Facebook will be moving users in the UK into new agreements with its Californian HQ following Brexit, in a move which may have significant implications for Britons’ privacy.
Although the UK’s privacy laws remain matched with the European Union’s at the point of Brexit – and Facebook being required to comply with those laws – the move could leave room for divergence in the future.
It is not yet clear whether British users’ data would now be processed in the US as part of the user agreement change, something which could prompt a legal challenge due to the differences in US and UK privacy laws.
The move was first reported by Reuters and follows a similar announcement from Google in February. Both companies, as with many other American firms, have their EU head offices in Dublin.
Facebook will be informing users of the shift in the next six months, offering them the option to stop using the company’s services, including the Facebook platform, Instagram and WhatsApp.
“Like other companies, Facebook has had to make changes to respond to Brexit and will be transferring legal responsibilities and obligations for UK users from Facebook Ireland to Facebook Inc [in California],” a company spokesperson said.
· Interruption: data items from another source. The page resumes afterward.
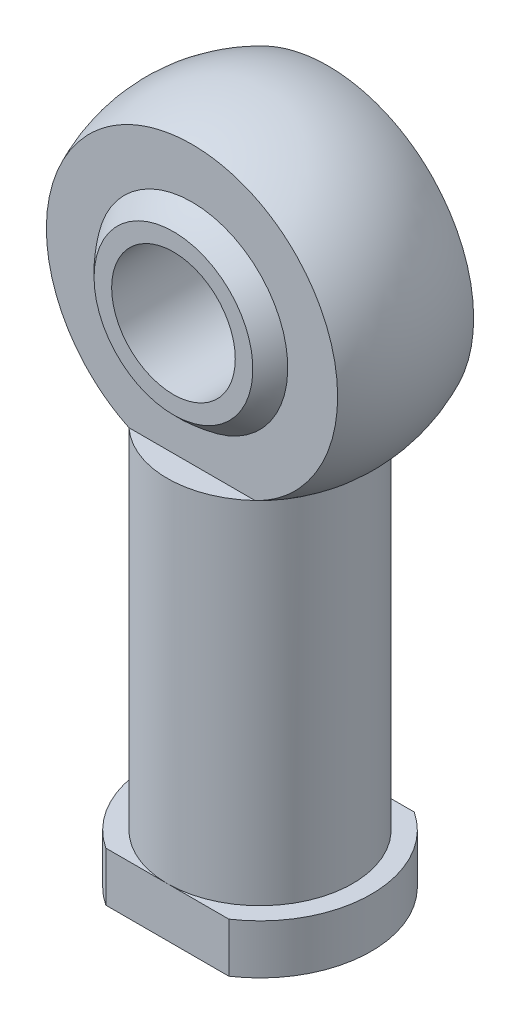
from build123d import *

# Parameters (mm, degrees)
CUT_EXTRUDE3_DEPTH      = 59.940648113
CUT_EXTRUDE3_DEPTH_BACK = 59.940648113
SKETCH3_W               = 17.579289035
SKETCH3_H               = 30.509322749
CUT_EXTRUDE4_DEPTH      = 59.268773799
CUT_EXTRUDE4_DEPTH_BACK = 59.268773799
SKETCH4_W               = 14.932737824
SKETCH4_H               = 19.875765969
CUT_EXTRUDE5_DEPTH      = 60.674114991
CUT_EXTRUDE5_DEPTH_BACK = 60.674114991
SKETCH5_R               = 5
CUT_EXTRUDE6_DEPTH      = 59.189346104
CUT_EXTRUDE6_DEPTH_BACK = 59.189346104
SKETCH6_W               = 15.994671042
SKETCH6_H               = 5.292782054
CUT_EXTRUDE7_DEPTH      = 58.976288256
CUT_EXTRUDE7_DEPTH_BACK = 25
SKETCH7_R               = 5


with BuildPart() as part:
    # Sketch1 → Revolve5 (revolve)
    with BuildSketch(Plane.XY):
        with BuildLine():
            Line((0, 52.5), (0, 53.5))
            ThreePointArc((0, 53.5), (-10.5, 43), (0, 32.5))
            Line((0, 32.5), (0, 33.5))
            ThreePointArc((0, 33.5), (-9.5, 43), (0, 52.5))
        make_face()
    revolve(axis=Axis((0, 0, 0), (0, 1, 0)))

    # Sketch1_7 → Revolve6 (revolve)
    with BuildSketch(Plane.XY):
        with BuildLine():
            Line((-7.5, 32.381619709), (-7.5, 4))
            Line((-7.5, 4), (-9, 4))
            Line((-9, 4), (-9, 0))
            Line((-9, 0), (0, 0))
            Line((0, 0), (0, 32.5))
            ThreePointArc((0, 32.5), (-10.5, 43), (0, 53.5))
            Line((0, 53.5), (0, 56))
            ThreePointArc((0, 56), (-12.39029749, 46.934530227), (-7.5, 32.381619709))
        make_face()
    revolve(axis=Axis((0, 0, 0), (0, 1, 0)))

    # Sketch3 → Cut-Extrude3 (cut, two sides: drawn at the far end of the back side and taken through both)
    with BuildSketch(Plane(origin=(0, 0, 0), x_dir=(0, 0, -1), z_dir=(1, 0, 0)).offset(-CUT_EXTRUDE3_DEPTH_BACK)):
        with Locations((-14.289644518, 47.636281084)):
            Rectangle(SKETCH3_W, SKETCH3_H)
        with Locations((14.289644518, 47.636281084)):
            Rectangle(SKETCH3_W, SKETCH3_H)
    extrude(amount=CUT_EXTRUDE3_DEPTH + CUT_EXTRUDE3_DEPTH_BACK, mode=Mode.SUBTRACT)

    # Sketch1_8 → Revolve7 (revolve)
    with BuildSketch(Plane.XY):
        with BuildLine():
            Line((0, 33.5), (0, 52.5))
            ThreePointArc((0, 52.5), (-9.5, 43), (0, 33.5))
        make_face()
    revolve(axis=Axis((0, 0, 0), (0, 1, 0)))

    # Sketch4 → Cut-Extrude4 (cut, two sides: drawn at the far end of the back side and taken through both)
    with BuildSketch(Plane(origin=(0, 0, 0), x_dir=(0, 0, -1), z_dir=(1, 0, 0)).offset(-CUT_EXTRUDE4_DEPTH_BACK)):
        with Locations((-14.466368912, 45.402031304)):
            Rectangle(SKETCH4_W, SKETCH4_H)
        with Locations((14.466368912, 45.402031304)):
            Rectangle(SKETCH4_W, SKETCH4_H)
    extrude(amount=CUT_EXTRUDE4_DEPTH + CUT_EXTRUDE4_DEPTH_BACK, mode=Mode.SUBTRACT)

    # Sketch5 → Cut-Extrude5 (cut, two sides: drawn at the far end of the back side and taken through both)
    with BuildSketch(Plane.XY.offset(7).offset(-CUT_EXTRUDE5_DEPTH_BACK)):
        with Locations((0, 43)):
            Circle(SKETCH5_R)
    extrude(amount=CUT_EXTRUDE5_DEPTH + CUT_EXTRUDE5_DEPTH_BACK, mode=Mode.SUBTRACT)

    # Sketch6 → Cut-Extrude6 (cut, two sides: drawn at the far end of the back side and taken through both)
    with BuildSketch(Plane(origin=(0, 0, 0), x_dir=(1, 0, 0), z_dir=(0, 1, 0)).offset(-CUT_EXTRUDE6_DEPTH_BACK)):
        with Locations((0.436218301, 10.146391027)):
            Rectangle(SKETCH6_W, SKETCH6_H)
        with Locations((0.436218301, -10.146391027)):
            Rectangle(SKETCH6_W, SKETCH6_H)
    extrude(amount=CUT_EXTRUDE6_DEPTH + CUT_EXTRUDE6_DEPTH_BACK, mode=Mode.SUBTRACT)

    # Sketch7 → Cut-Extrude7 (cut, two sides: drawn at the far end of the back side and taken through both)
    with BuildSketch(Plane.XZ.offset(-CUT_EXTRUDE7_DEPTH_BACK)):
        Circle(SKETCH7_R)
    extrude(amount=CUT_EXTRUDE7_DEPTH + CUT_EXTRUDE7_DEPTH_BACK, mode=Mode.SUBTRACT)


solid = part.part
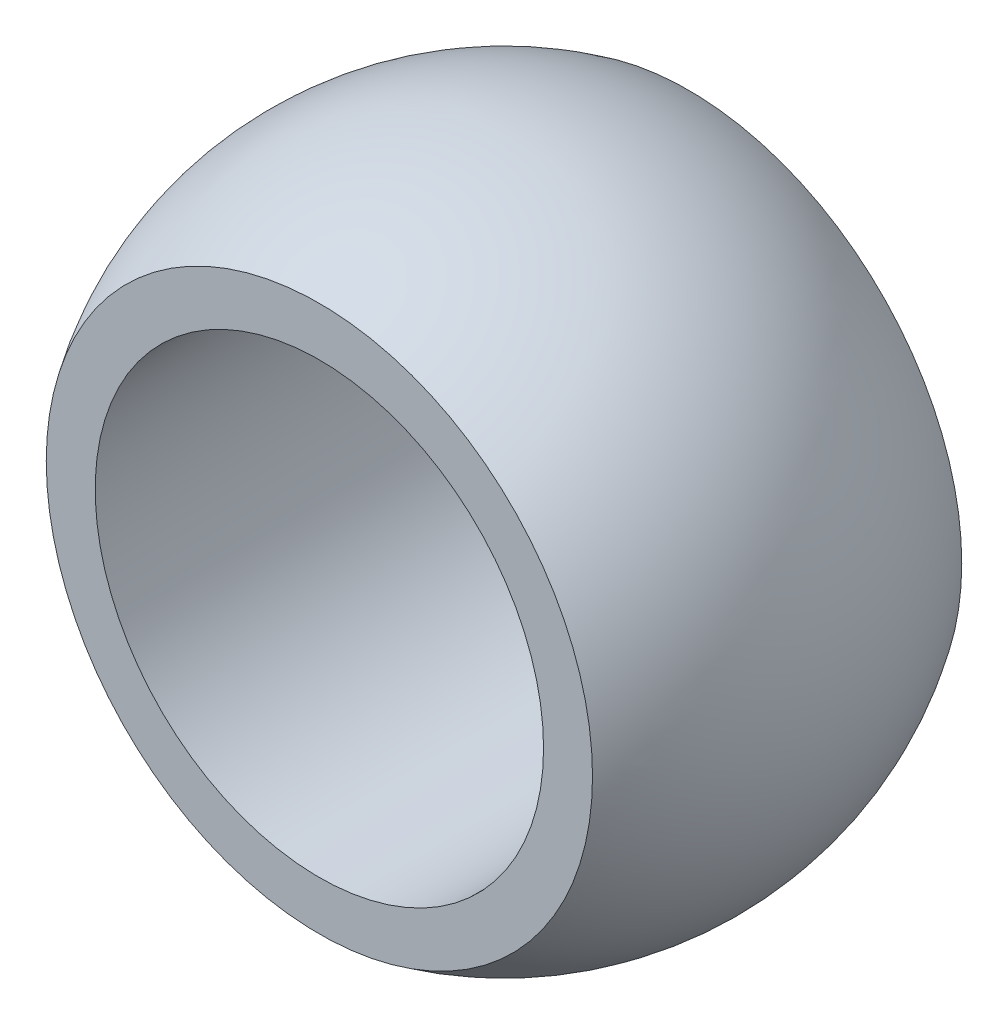
from build123d import *

# Parameters (mm, degrees)
ESQUISSE_FACES_W = 25
ESQUISSE_FACES_H = 7
FACES_2_DEPTH    = 28
DIA_AL_SAGE_R    = 8.5
AL_SAGE_DEPTH    = 20.5


with BuildPart() as part:
    # Esquisse sphère → Sphère extérieur (revolve)
    with BuildSketch(Plane.XY):
        with BuildLine():
            Line((0, 12.5), (0, -12.5))
            ThreePointArc((0, -12.5), (12.5, 0), (0, 12.5))
        make_face()
    revolve(axis=Axis((0, 17, 0), (0, -1, 0)))

    # Esquisse faces → Faces 2 (cut, symmetric)
    with BuildSketch(Plane(origin=(0, 0, 0), x_dir=(1, 0, 0), z_dir=(0, 1, 0))):
        with Locations((1.5, -10.5)):
            Rectangle(ESQUISSE_FACES_W, ESQUISSE_FACES_H)
        with Locations((1.5, 10.5)):
            Rectangle(ESQUISSE_FACES_W, ESQUISSE_FACES_H)
    extrude(amount=FACES_2_DEPTH, both=True, mode=Mode.SUBTRACT)

    # Dia alésage → Alésage (cut, through all)
    with BuildSketch(Plane.XY.offset(7)):
        Circle(DIA_AL_SAGE_R)
    extrude(amount=-AL_SAGE_DEPTH, mode=Mode.SUBTRACT)


solid = part.part

“There will be no change to the privacy controls or the services Facebook offers to people in the UK, and the protections of UK GDPR will also apply,” they added.
Despite this assertion, Reuters cited people familiar with the company who claimed that Facebook was making the change partly because the EU’s privacy regime was so stringent.
“The bigger the company, the more personal data they hold, the more they are likely to be subject to surveillance duties or requirements to hand over data to the US government,” Jim Killock, executive director of the Open Rights Group, told Reuters.
What does this mean for you?
There are significant differences between the US and the EU when it comes to privacy legislation, and although the UK has stated its intention to uphold EU standards this situation is likely to become more complicated as part of trade negotiations.
Crucially, Facebook hasn’t clarified whether the change in user agreement location also means a change in where British users’ data is going.
A major European Court of Justice ruling this July struck down a procedure Facebook was using to transfer EU citizens’ data to centres in the US because, it said, there were not enough controls in the US on how law enforcement and intelligence agencies accessed that data.
While American citizens’ data is protected by constitutional safeguards against unreasonable searches, American courts have held that these protections don’t apply for foreign citizens overseas, as would be the case for all UK users.
The ECJ ruling remains British law and will become British case law when the country leaves the European Union, but the basis for the judgment – the fundamental right to data privacy, as enshrined in the EU’s Charter of Fundamental Rights – will not be adopted following Brexit. This leaves room for divergence.
“Moving data out of the EU makes it harder to enforce your privacy rights. It means European actions to limit the power of the tech giants will not apply to UK citizens,” Mr Killock told Sky News.
“It means the UK ICO will need to be pushed to make the same decisions when companies break the law,” he added.
“And it means those tech giants can lobby for weaker UK rules to ensure they can get away with things in the UK that they cannot in the EU,” he warned.